**Supplied information**
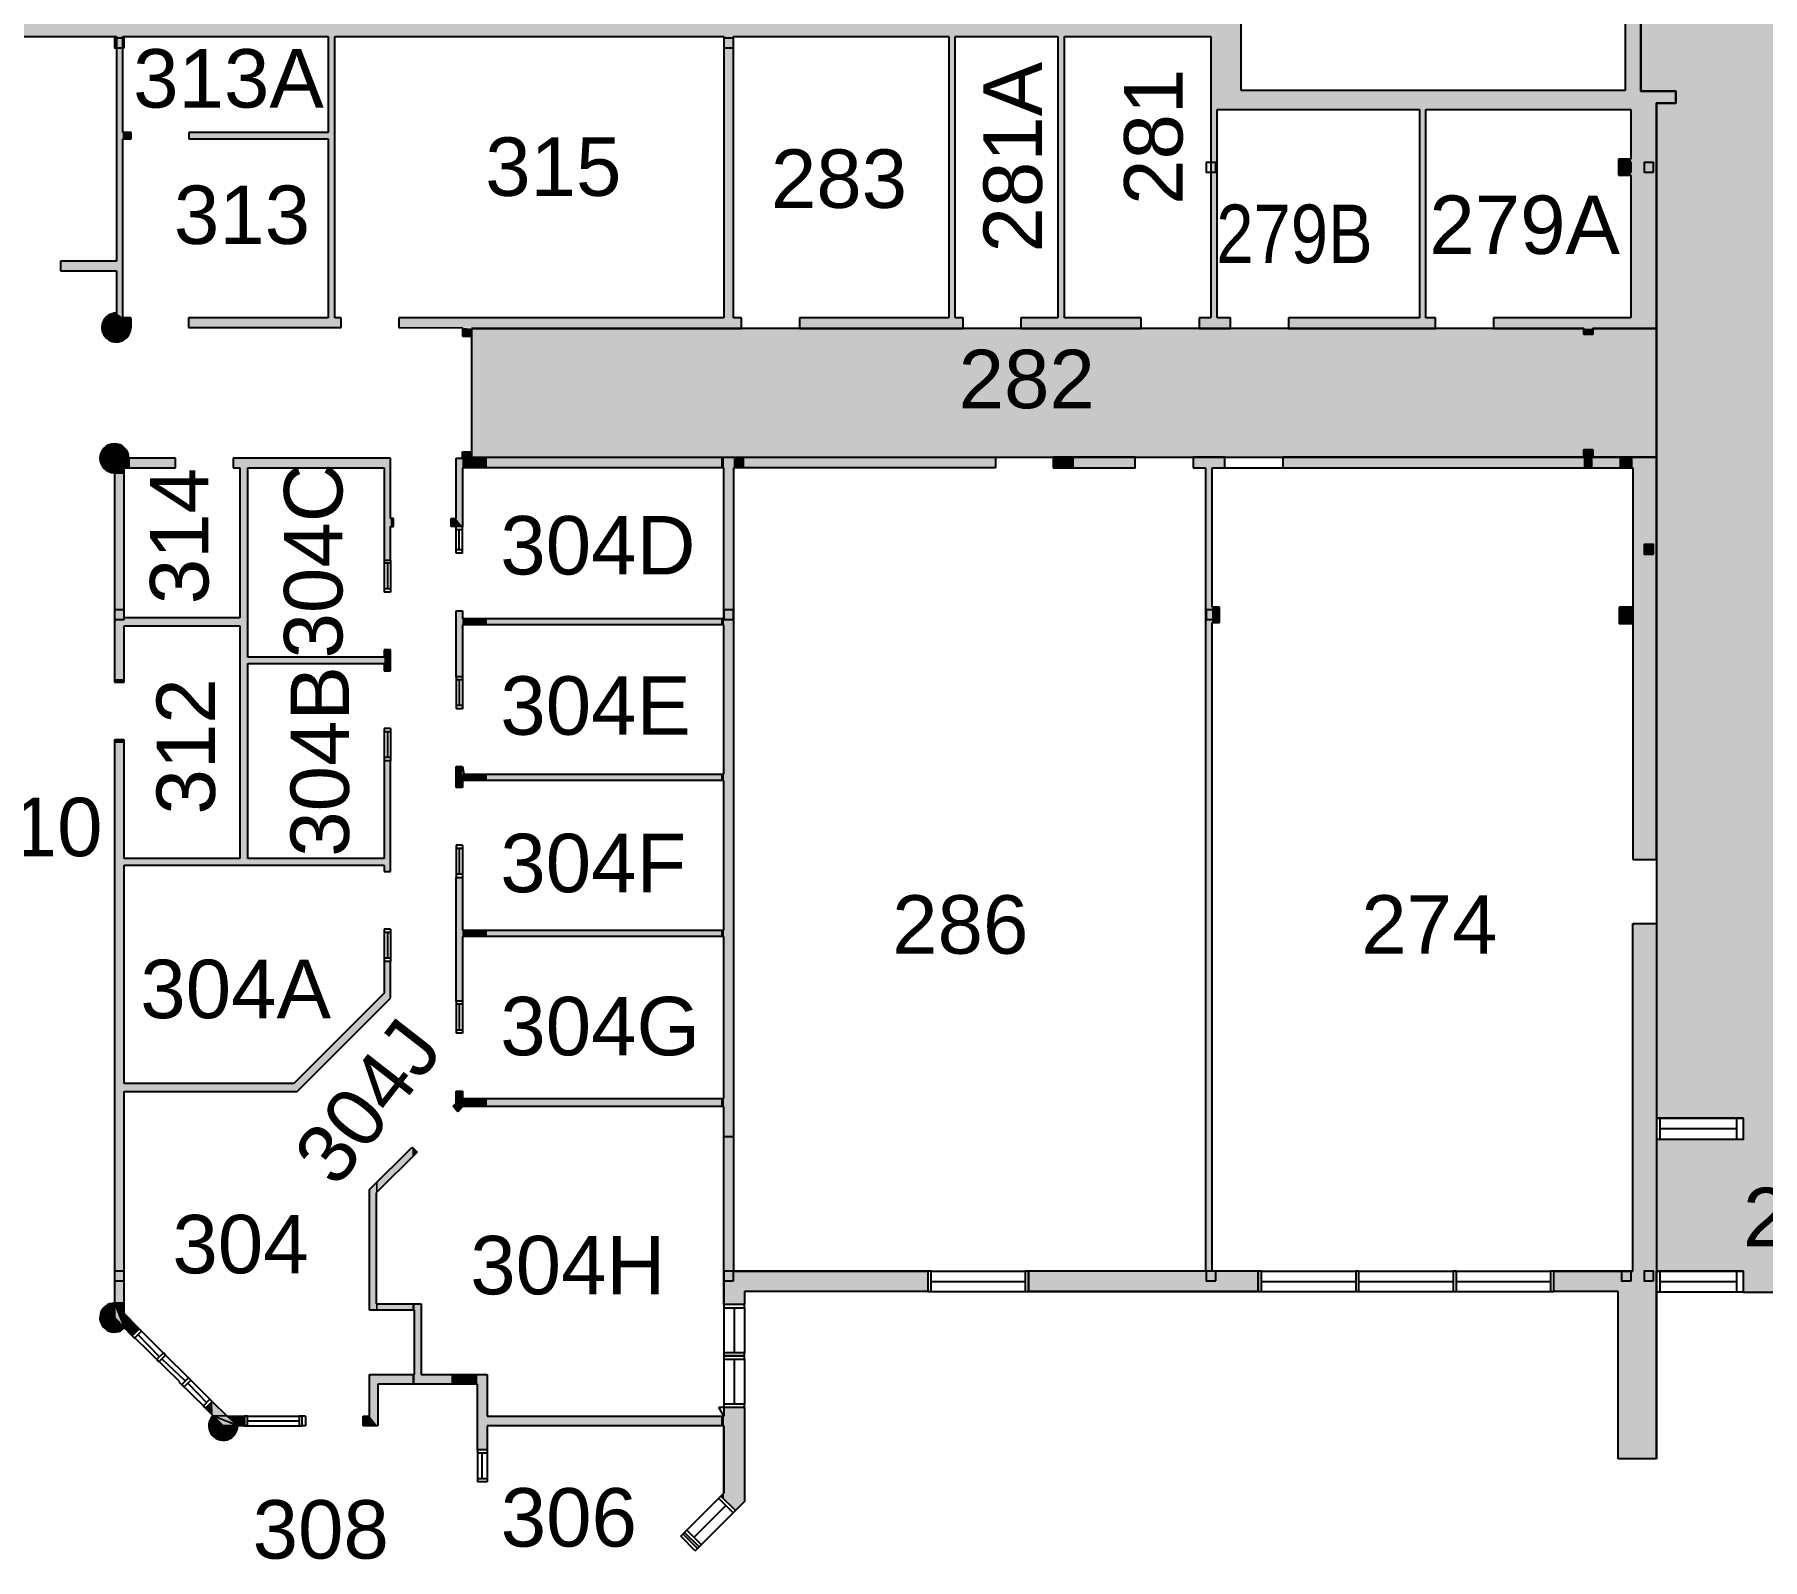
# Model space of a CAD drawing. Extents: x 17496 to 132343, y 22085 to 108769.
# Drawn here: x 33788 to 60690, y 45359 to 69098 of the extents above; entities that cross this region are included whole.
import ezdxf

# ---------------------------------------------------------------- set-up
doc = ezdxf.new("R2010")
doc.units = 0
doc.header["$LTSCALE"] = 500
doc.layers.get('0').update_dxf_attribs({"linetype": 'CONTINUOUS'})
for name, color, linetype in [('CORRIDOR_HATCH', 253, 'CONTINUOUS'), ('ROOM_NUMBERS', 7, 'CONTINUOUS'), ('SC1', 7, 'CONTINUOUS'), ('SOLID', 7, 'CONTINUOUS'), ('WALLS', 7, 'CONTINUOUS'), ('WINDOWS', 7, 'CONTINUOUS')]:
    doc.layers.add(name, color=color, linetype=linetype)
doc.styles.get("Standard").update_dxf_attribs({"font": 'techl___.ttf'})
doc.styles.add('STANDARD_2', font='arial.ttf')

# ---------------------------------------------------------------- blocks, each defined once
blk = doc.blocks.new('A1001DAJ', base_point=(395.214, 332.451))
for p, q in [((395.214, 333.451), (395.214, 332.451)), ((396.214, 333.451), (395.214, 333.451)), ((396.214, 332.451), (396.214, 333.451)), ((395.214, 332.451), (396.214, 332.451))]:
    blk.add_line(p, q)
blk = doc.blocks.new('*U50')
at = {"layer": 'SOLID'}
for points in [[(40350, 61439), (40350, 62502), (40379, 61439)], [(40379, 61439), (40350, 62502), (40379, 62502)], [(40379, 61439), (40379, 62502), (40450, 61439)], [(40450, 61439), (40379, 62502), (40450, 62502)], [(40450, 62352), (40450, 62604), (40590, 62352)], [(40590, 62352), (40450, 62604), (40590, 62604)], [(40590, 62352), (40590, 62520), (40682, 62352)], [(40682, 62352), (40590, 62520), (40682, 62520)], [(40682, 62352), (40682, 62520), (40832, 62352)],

**Your goal**
Before copying, set the pictures aside; then give the records again exactly.

**Result below**
# Model space of a CAD drawing. Extents: x 17496 to 132343, y 22085 to 108769.
# Drawn here: x 33788 to 60690, y 45359 to 69098 of the extents above; entities that cross this region are included whole.
import ezdxf

# ---------------------------------------------------------------- set-up
doc = ezdxf.new("R2010")
doc.units = 0
doc.header["$LTSCALE"] = 500
doc.layers.get('0').update_dxf_attribs({"linetype": 'CONTINUOUS'})
for name, color, linetype in [('CORRIDOR_HATCH', 253, 'CONTINUOUS'), ('ROOM_NUMBERS', 7, 'CONTINUOUS'), ('SC1', 7, 'CONTINUOUS'), ('SOLID', 7, 'CONTINUOUS'), ('WALLS', 7, 'CONTINUOUS'), ('WINDOWS', 7, 'CONTINUOUS')]:
    doc.layers.add(name, color=color, linetype=linetype)
doc.styles.get("Standard").update_dxf_attribs({"font": 'techl___.ttf'})
doc.styles.add('STANDARD_2', font='arial.ttf')

# ---------------------------------------------------------------- blocks, each defined once
blk = doc.blocks.new('A1001DAJ', base_point=(395.214, 332.451))
for p, q in [((395.214, 333.451), (395.214, 332.451)), ((396.214, 333.451), (395.214, 333.451)), ((396.214, 332.451), (396.214, 333.451)), ((395.214, 332.451), (396.214, 332.451))]:
    blk.add_line(p, q)
blk = doc.blocks.new('*U50')
at = {"layer": 'SOLID'}
for points in [[(40350, 61439), (40350, 62502), (40379, 61439)], [(40379, 61439), (40350, 62502), (40379, 62502)], [(40379, 61439), (40379, 62502), (40450, 61439)], [(40450, 61439), (40379, 62502), (40450, 62502)], [(40450, 62352), (40450, 62604), (40590, 62352)], [(40590, 62352), (40450, 62604), (40590, 62604)], [(40590, 62352), (40590, 62520), (40682, 62352)], [(40682, 62352), (40590, 62520), (40682, 62520)], [(40682, 62352), (40682, 62520), (40832, 62352)],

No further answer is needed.